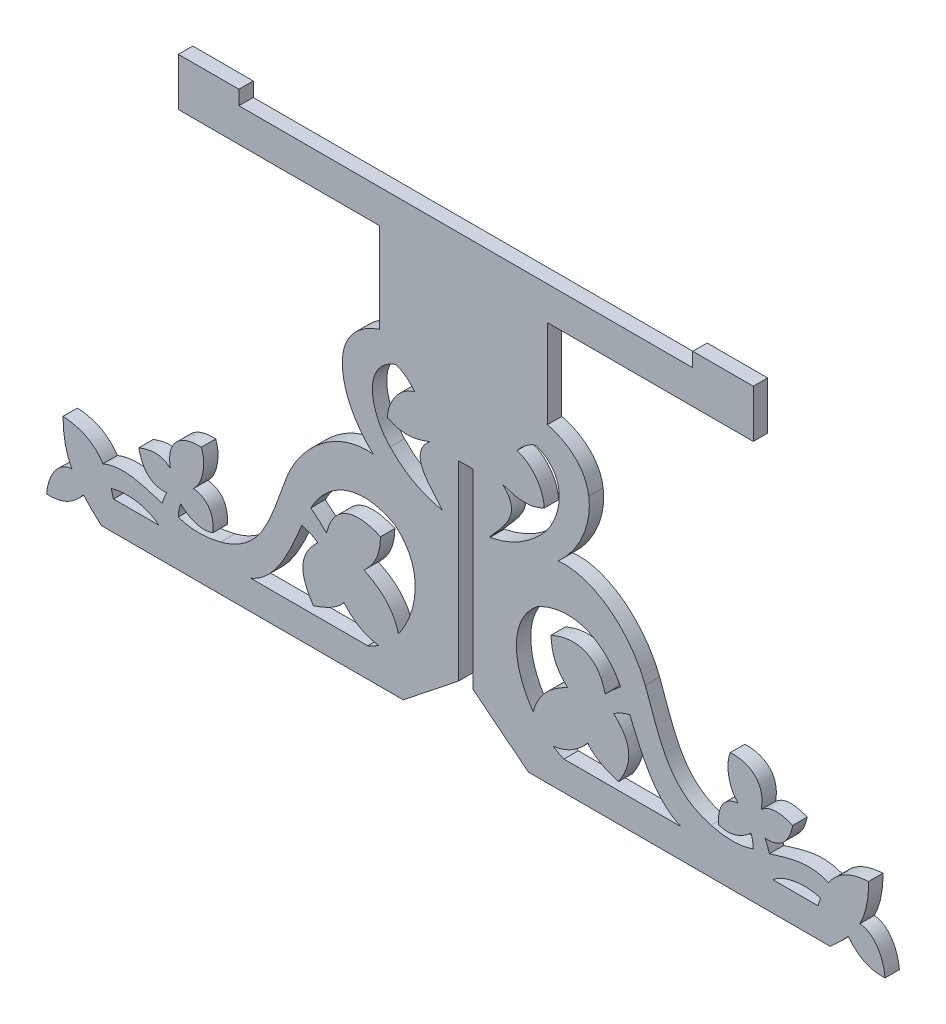
from build123d import *

# Parameters (mm, degrees)
RESSALTO_EXTRUS_O1_DEPTH = 2


with BuildPart() as part:
    # Model → Ressalto-extrusão1 (new body)
    with BuildSketch(Plane.XY):
        with BuildLine():
            Line((-12.9004, -101.3152), (-12.9004, -88.8288))
            Line((-12.9004, -88.8288), (-40.9159, -88.8288))
            add(Edge.make_bspline(
                [(-40.9159, -88.8288), (-40.9159, -86.6101), (-40.9159, -84.3915), (-40.9159, -82.1728)],
                knots=[0.372881356, 0.372881356, 0.372881356, 0.372881356, 0.389830508, 0.389830508, 0.389830508, 0.389830508], degree=3))
            Line((-40.9159, -82.1728), (-32.4949, -82.1728))
            Line((-32.4949, -82.1728), (-32.4949, -84.162))
            add(Edge.make_bspline(
                [(-32.4949, -84.162), (24.9205, -84.162), (-26.7524, -84.162), (30.663, -84.162)],
                knots=[0.423728814, 0.423728814, 0.423728814, 0.423728814, 0.440677966, 0.440677966, 0.440677966, 0.440677966], degree=3))
            Line((30.663, -84.162), (30.663, -82.1728))
            Line((30.663, -82.1728), (39.0841, -82.1728))
            add(Edge.make_bspline(
                [(39.0841, -82.1728), (39.0841, -84.3915), (39.0841, -86.6101), (39.0841, -88.8288)],
                knots=[0.474576271, 0.474576271, 0.474576271, 0.474576271, 0.491525424, 0.491525424, 0.491525424, 0.491525424], degree=3))
            Line((39.0841, -88.8288), (10.4329, -88.8288))
            Line((10.4329, -88.8288), (10.4329, -101.1372))
            add(Edge.make_bspline(
                [(10.4329, -101.1372), (13.1695, -101.8028), (15.7564, -103.704), (16.1954, -106.8656)],
                knots=[0.525423729, 0.525423729, 0.525423729, 0.525423729, 0.542372881, 0.542372881, 0.542372881, 0.542372881], degree=3))
            add(Edge.make_bspline(
                [(16.1954, -106.8656), (16.6239, -109.9517), (15.1905, -113.8641), (11.9443, -116.8092)],
                knots=[0.542372881, 0.542372881, 0.542372881, 0.542372881, 0.559322034, 0.559322034, 0.559322034, 0.559322034], degree=3))
            add(Edge.make_bspline(
                [(11.9443, -116.8092), (17.1529, -116.2553), (22.1924, -120.7679), (24.0657, -125.7413)],
                knots=[0.559322034, 0.559322034, 0.559322034, 0.559322034, 0.576271186, 0.576271186, 0.576271186, 0.576271186], degree=3))
            add(Edge.make_bspline(
                [(24.0657, -125.7413), (26.2012, -131.4111), (27.2401, -136.4249), (33.2026, -138.0166)],
                knots=[0.576271186, 0.576271186, 0.576271186, 0.576271186, 0.593220339, 0.593220339, 0.593220339, 0.593220339], degree=3))
            add(Edge.make_bspline(
                [(33.2026, -138.0166), (35.1521, -138.537), (37.264, -138.623), (39.0848, -137.933)],
                knots=[0.593220339, 0.593220339, 0.593220339, 0.593220339, 0.610169492, 0.610169492, 0.610169492, 0.610169492], degree=3))
            add(Edge.make_bspline(
                [(39.0848, -137.933), (39.1033, -137.367), (38.9379, -136.588), (38.7632, -136.1891)],
                knots=[0.610169492, 0.610169492, 0.610169492, 0.610169492, 0.627118644, 0.627118644, 0.627118644, 0.627118644], degree=3))
            add(Edge.make_bspline(
                [(38.7632, -136.1891), (37.4275, -137.4389), (35.8047, -137.9979), (34.2799, -137.4339)],
                knots=[0.627118644, 0.627118644, 0.627118644, 0.627118644, 0.644067797, 0.644067797, 0.644067797, 0.644067797], degree=3))
            add(Edge.make_bspline(
                [(34.2799, -137.4339), (34.0939, -136.0501), (34.4783, -133.7397), (37.0016, -133.46)],
                knots=[0.644067797, 0.644067797, 0.644067797, 0.644067797, 0.661016949, 0.661016949, 0.661016949, 0.661016949], degree=3))
            add(Edge.make_bspline(
                [(37.0016, -133.46), (35.8223, -132.5106), (35.1117, -129.8687), (35.8848, -127.924)],
                knots=[0.661016949, 0.661016949, 0.661016949, 0.661016949, 0.677966102, 0.677966102, 0.677966102, 0.677966102], degree=3))
            add(Edge.make_bspline(
                [(35.8848, -127.924), (38.5702, -127.7685), (40.8278, -129.2806), (40.191, -132.64)],
                knots=[0.677966102, 0.677966102, 0.677966102, 0.677966102, 0.694915254, 0.694915254, 0.694915254, 0.694915254], degree=3))
            add(Edge.make_bspline(
                [(40.191, -132.64), (41.4985, -131.5152), (42.8521, -131.6994), (44.5892, -132.3417)],
                knots=[0.694915254, 0.694915254, 0.694915254, 0.694915254, 0.711864407, 0.711864407, 0.711864407, 0.711864407], degree=3))
            add(Edge.make_bspline(
                [(44.5892, -132.3417), (44.161, -134.4229), (43.0845, -135.9966), (40.6999, -135.8202)],
                knots=[0.711864407, 0.711864407, 0.711864407, 0.711864407, 0.728813559, 0.728813559, 0.728813559, 0.728813559], degree=3))
            add(Edge.make_bspline(
                [(40.6999, -135.8202), (41.0315, -136.4715), (41.1853, -136.8554), (41.3317, -137.3933)],
                knots=[0.728813559, 0.728813559, 0.728813559, 0.728813559, 0.745762712, 0.745762712, 0.745762712, 0.745762712], degree=3))
            add(Edge.make_bspline(
                [(41.3317, -137.3933), (44.0855, -136.5639), (46.7565, -135.5938), (49.5739, -136.7659)],
                knots=[0.745762712, 0.745762712, 0.745762712, 0.745762712, 0.762711864, 0.762711864, 0.762711864, 0.762711864], degree=3))
            add(Edge.make_bspline(
                [(49.5739, -136.7659), (50.8193, -134.8971), (52.6196, -133.9899), (55.135, -133.8269)],
                knots=[0.762711864, 0.762711864, 0.762711864, 0.762711864, 0.779661017, 0.779661017, 0.779661017, 0.779661017], degree=3))
            add(Edge.make_bspline(
                [(55.135, -133.8269), (55.1431, -136.2251), (54.7052, -138.0199), (53.9183, -139.5387)],
                knots=[0.779661017, 0.779661017, 0.779661017, 0.779661017, 0.796610169, 0.796610169, 0.796610169, 0.796610169], degree=3))
            add(Edge.make_bspline(
                [(53.9183, -139.5387), (55.7595, -139.63), (57.2141, -141.7372), (57.4174, -144.3247)],
                knots=[0.796610169, 0.796610169, 0.796610169, 0.796610169, 0.813559322, 0.813559322, 0.813559322, 0.813559322], degree=3))
            add(Edge.make_bspline(
                [(57.4174, -144.3247), (55.5273, -144.3945), (53.9499, -143.8818), (52.3665, -141.949)],
                knots=[0.813559322, 0.813559322, 0.813559322, 0.813559322, 0.830508475, 0.830508475, 0.830508475, 0.830508475], degree=3))
            add(Edge.make_bspline(
                [(52.3665, -141.949), (52.3457, -141.921), (52.3243, -141.8943), (52.3032, -141.8668)],
                knots=[0.830508475, 0.830508475, 0.830508475, 0.830508475, 0.847457627, 0.847457627, 0.847457627, 0.847457627], degree=3))
            add(Edge.make_bspline(
                [(52.3032, -141.8668), (51.5802, -142.6964), (50.7392, -143.4882), (49.804, -144.3246)],
                knots=[0.847457627, 0.847457627, 0.847457627, 0.847457627, 0.86440678, 0.86440678, 0.86440678, 0.86440678], degree=3))
            Line((49.804, -144.3246), (7.7955, -144.3246))
            Line((7.7955, -144.3246), (0.0841, -138.2088))
            Line((0.0841, -138.2088), (0.0841, -111.6563))
            Line((0.0841, -111.6563), (-1.9159, -111.6563))
            Line((-1.9159, -111.6563), (-1.9159, -138.2088))
            Line((-1.9159, -138.2088), (-9.6274, -144.3246))
            Line((-9.6274, -144.3246), (-51.6359, -144.3246))
            add(Edge.make_bspline(
                [(-51.6359, -144.3246), (-52.5711, -143.4882), (-53.412, -142.6964), (-54.1351, -141.8668)],
                knots=[0, 0, 0, 0, 0.016949153, 0.016949153, 0.016949153, 0.016949153], degree=3))
            add(Edge.make_bspline(
                [(-54.1351, -141.8668), (-54.1561, -141.8943), (-54.1776, -141.921), (-54.1983, -141.949)],
                knots=[0.016949153, 0.016949153, 0.016949153, 0.016949153, 0.033898305, 0.033898305, 0.033898305, 0.033898305], degree=3))
            add(Edge.make_bspline(
                [(-54.1983, -141.949), (-55.7818, -143.8818), (-57.3592, -144.3945), (-59.2492, -144.3247)],
                knots=[0.033898305, 0.033898305, 0.033898305, 0.033898305, 0.050847458, 0.050847458, 0.050847458, 0.050847458], degree=3))
            add(Edge.make_bspline(
                [(-59.2492, -144.3247), (-59.046, -141.7372), (-57.5914, -139.63), (-55.7502, -139.5387)],
                knots=[0.050847458, 0.050847458, 0.050847458, 0.050847458, 0.06779661, 0.06779661, 0.06779661, 0.06779661], degree=3))
            add(Edge.make_bspline(
                [(-55.7502, -139.5387), (-56.537, -138.0199), (-56.9749, -136.2251), (-56.9668, -133.8269)],
                knots=[0.06779661, 0.06779661, 0.06779661, 0.06779661, 0.084745763, 0.084745763, 0.084745763, 0.084745763], degree=3))
            add(Edge.make_bspline(
                [(-56.9668, -133.8269), (-54.4514, -133.9899), (-52.6511, -134.8971), (-51.4058, -136.7659)],
                knots=[0.084745763, 0.084745763, 0.084745763, 0.084745763, 0.101694915, 0.101694915, 0.101694915, 0.101694915], degree=3))
            add(Edge.make_bspline(
                [(-51.4058, -136.7659), (-48.5883, -135.5938), (-45.9174, -136.5639), (-43.1636, -137.3933)],
                knots=[0.101694915, 0.101694915, 0.101694915, 0.101694915, 0.118644068, 0.118644068, 0.118644068, 0.118644068], degree=3))
            add(Edge.make_bspline(
                [(-43.1636, -137.3933), (-43.0172, -136.8554), (-42.8634, -136.4715), (-42.5318, -135.8202)],
                knots=[0.118644068, 0.118644068, 0.118644068, 0.118644068, 0.13559322, 0.13559322, 0.13559322, 0.13559322], degree=3))
            add(Edge.make_bspline(
                [(-42.5318, -135.8202), (-44.9164, -135.9966), (-45.9929, -134.4229), (-46.4211, -132.3417)],
                knots=[0.13559322, 0.13559322, 0.13559322, 0.13559322, 0.152542373, 0.152542373, 0.152542373, 0.152542373], degree=3))
            add(Edge.make_bspline(
                [(-46.4211, -132.3417), (-44.684, -131.6994), (-43.3303, -131.5152), (-42.0229, -132.64)],
                knots=[0.152542373, 0.152542373, 0.152542373, 0.152542373, 0.169491525, 0.169491525, 0.169491525, 0.169491525], degree=3))
            add(Edge.make_bspline(
                [(-42.0229, -132.64), (-42.6597, -129.2806), (-40.4021, -127.7685), (-37.7166, -127.924)],
                knots=[0.169491525, 0.169491525, 0.169491525, 0.169491525, 0.186440678, 0.186440678, 0.186440678, 0.186440678], degree=3))
            add(Edge.make_bspline(
                [(-37.7166, -127.924), (-36.9436, -129.8687), (-37.6542, -132.5106), (-38.8335, -133.46)],
                knots=[0.186440678, 0.186440678, 0.186440678, 0.186440678, 0.203389831, 0.203389831, 0.203389831, 0.203389831], degree=3))
            add(Edge.make_bspline(
                [(-38.8335, -133.46), (-36.3102, -133.7397), (-35.9258, -136.0501), (-36.1118, -137.4339)],
                knots=[0.203389831, 0.203389831, 0.203389831, 0.203389831, 0.220338983, 0.220338983, 0.220338983, 0.220338983], degree=3))
            add(Edge.make_bspline(
                [(-36.1118, -137.4339), (-37.6366, -137.9979), (-39.2594, -137.4389), (-40.595, -136.1891)],
                knots=[0.220338983, 0.220338983, 0.220338983, 0.220338983, 0.237288136, 0.237288136, 0.237288136, 0.237288136], degree=3))
            add(Edge.make_bspline(
                [(-40.595, -136.1891), (-40.7698, -136.588), (-40.9351, -137.367), (-40.9167, -137.933)],
                knots=[0.237288136, 0.237288136, 0.237288136, 0.237288136, 0.254237288, 0.254237288, 0.254237288, 0.254237288], degree=3))
            add(Edge.make_bspline(
                [(-40.9167, -137.933), (-39.0959, -138.623), (-36.9839, -138.537), (-35.0344, -138.0166)],
                knots=[0.254237288, 0.254237288, 0.254237288, 0.254237288, 0.271186441, 0.271186441, 0.271186441, 0.271186441], degree=3))
            add(Edge.make_bspline(
                [(-35.0344, -138.0166), (-29.072, -136.4249), (-28.0331, -131.4111), (-25.8976, -125.7413)],
                knots=[0.271186441, 0.271186441, 0.271186441, 0.271186441, 0.288135593, 0.288135593, 0.288135593, 0.288135593], degree=3))
            add(Edge.make_bspline(
                [(-25.8976, -125.7413), (-24.0243, -120.7679), (-18.9848, -116.2553), (-13.7762, -116.8092)],
                knots=[0.288135593, 0.288135593, 0.288135593, 0.288135593, 0.305084746, 0.305084746, 0.305084746, 0.305084746], degree=3))
            add(Edge.make_bspline(
                [(-13.7762, -116.8092), (-17.0224, -113.8641), (-18.4558, -109.9517), (-18.0272, -106.8656)],
                knots=[0.305084746, 0.305084746, 0.305084746, 0.305084746, 0.322033898, 0.322033898, 0.322033898, 0.322033898], degree=3))
            add(Edge.make_bspline(
                [(-18.0272, -106.8656), (-17.6224, -103.9501), (-15.3913, -102.1066), (-12.9004, -101.3152)],
                knots=[0.322033898, 0.322033898, 0.322033898, 0.322033898, 0.338983051, 0.338983051, 0.338983051, 0.338983051], degree=3))
        make_face()
        with BuildLine():
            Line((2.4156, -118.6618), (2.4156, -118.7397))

+===+

Task description: Set down word for word the lines from the first entry through the line with "Line((-12.9004, -101.3152), (-12.9004, -88.8288))", both included, omitting pictures.

Reply to the task:
from build123d import *

# Parameters (mm, degrees)
RESSALTO_EXTRUS_O1_DEPTH = 2


with BuildPart() as part:
    # Model → Ressalto-extrusão1 (new body)
    with BuildSketch(Plane.XY):
        with BuildLine():
            Line((-12.9004, -101.3152), (-12.9004, -88.8288))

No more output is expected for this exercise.